All lines below containing "Mode" are to be listed.

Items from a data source
-- Opening Marker --

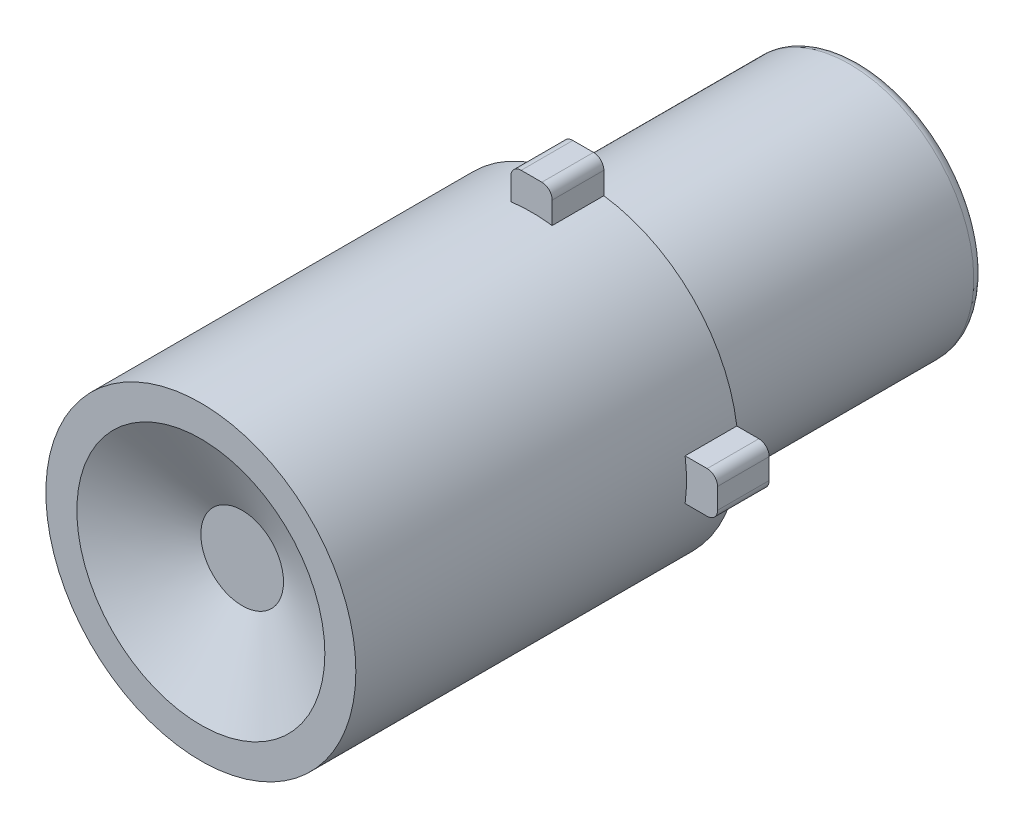
from build123d import *

# Parameters (mm, degrees)
SKETCH1_R               = 3.75
BOSS_EXTRUDE1_DEPTH     = 10
SKETCH4_W               = 1
SKETCH4_H               = 1
BOSS_EXTRUDE2_DEPTH     = 2
CUT_EXTRUDE1_DEPTH      = 6.5
CUT_EXTRUDE1_DEPTH_BACK = 6.5
SKETCH5_W               = 3.094482754
SKETCH5_H               = 13.244386188
SKETCH6_R               = 3
BOSS_EXTRUDE3_DEPTH     = 6.7
SKETCH7_R               = 2.5
CUT_EXTRUDE2_DEPTH      = 1.25
FILLET2_R               = 0.25
FILLET3_R               = 0.25


with BuildPart() as part:
    # Sketch1 → Boss-Extrude1 (new body)
    with BuildSketch(Plane.XY):
        Circle(SKETCH1_R)
    extrude(amount=BOSS_EXTRUDE1_DEPTH)

    # Sketch3 → Cut-Revolve1 (revolve, cut)
    with BuildSketch(Plane(origin=(0, 0, 0), x_dir=(1, 0, 0), z_dir=(0, 1, 0)), mode=Mode.PRIVATE) as cut_revolve1_sk:
        Polygon((-3, -10), (0, -10), (0, -9), (-1, -9), align=None)
    revolve(cut_revolve1_sk.sketch.rotate(Axis((0, 0, 10), (0, 0, -1)), 180), axis=Axis((0, 0, 10), (0, 0, -1)), mode=Mode.SUBTRACT)

    # Sketch4 → Boss-Extrude2 (add)
    with BuildSketch(Plane(origin=(0, 0, 0), x_dir=(-1, 0, 0), z_dir=(0, 0, -1))):
        with Locations((0, 4)):
            Rectangle(SKETCH4_W, SKETCH4_H)
        with Locations((-4, 0)):
            Rectangle(SKETCH4_W, SKETCH4_H)
        with Locations((4, 0)):
            Rectangle(SKETCH4_W, SKETCH4_H)
        with Locations((0, -4)):
            Rectangle(SKETCH4_W, SKETCH4_H)
    extrude(amount=-BOSS_EXTRUDE2_DEPTH)

    # Sketch5 → Cut-Extrude1 (cut, two sides: drawn at the far end of the back side and taken through both)
    with BuildSketch(Plane(origin=(0, 0, 0), x_dir=(0, 0, -1), z_dir=(1, 0, 0)).offset(-CUT_EXTRUDE1_DEPTH_BACK)):
        with Locations((0.797241377, 0.144409195)):
            Rectangle(SKETCH5_W, SKETCH5_H)
    extrude(amount=CUT_EXTRUDE1_DEPTH + CUT_EXTRUDE1_DEPTH_BACK, mode=Mode.SUBTRACT)

    # Sketch6 → Boss-Extrude3 (add)
    with BuildSketch(Plane(origin=(0, 0, 0.75), x_dir=(-1, 0, 0), z_dir=(0, 0, -1))):
        with Locations(Location((0, 0, 0), (0, 0, 90))):
            Circle(SKETCH6_R)
    extrude(amount=BOSS_EXTRUDE3_DEPTH)

    # Sketch7 → Cut-Extrude2 (cut)
    with BuildSketch(Plane(origin=(0, 0, -5.95), x_dir=(-1, 0, 0), z_dir=(0, 0, -1))):
        with Locations(Location((0, 0, 0), (0, 0, 90))):
            Circle(SKETCH7_R)
    extrude(amount=-CUT_EXTRUDE2_DEPTH, mode=Mode.SUBTRACT)

    # Fillet2
    fillet2_edges = [part.edges().sort_by_distance(p)[0] for p in [
        (0, -3, -5.95),
    ]]
    fillet(fillet2_edges, radius=FILLET2_R)

    # Fillet3
    fillet3_edges = [part.edges().sort_by_distance(p)[0] for p in [
        (4.5, 0.5, 1.375),
        (4.5, -0.5, 1.375),
        (-0.5, 4.5, 1.375),
        (0.5, 4.5, 1.375),
        (-4.5, -0.5, 1.375),
        (-4.5, 0.5, 1.375),
        (0.5, -4.5, 1.375),
        (-0.5, -4.5, 1.375),
    ]]
    fillet(fillet3_edges, radius=FILLET3_R)


solid = part.part

-- Closing Marker --

• EXERCISE ANSWER:
    with BuildSketch(Plane(origin=(0, 0, 0), x_dir=(1, 0, 0), z_dir=(0, 1, 0)), mode=Mode.PRIVATE) as cut_revolve1_sk:
    revolve(cut_revolve1_sk.sketch.rotate(Axis((0, 0, 10), (0, 0, -1)), 180), axis=Axis((0, 0, 10), (0, 0, -1)), mode=Mode.SUBTRACT)
    extrude(amount=CUT_EXTRUDE1_DEPTH + CUT_EXTRUDE1_DEPTH_BACK, mode=Mode.SUBTRACT)
    extrude(amount=-CUT_EXTRUDE2_DEPTH, mode=Mode.SUBTRACT)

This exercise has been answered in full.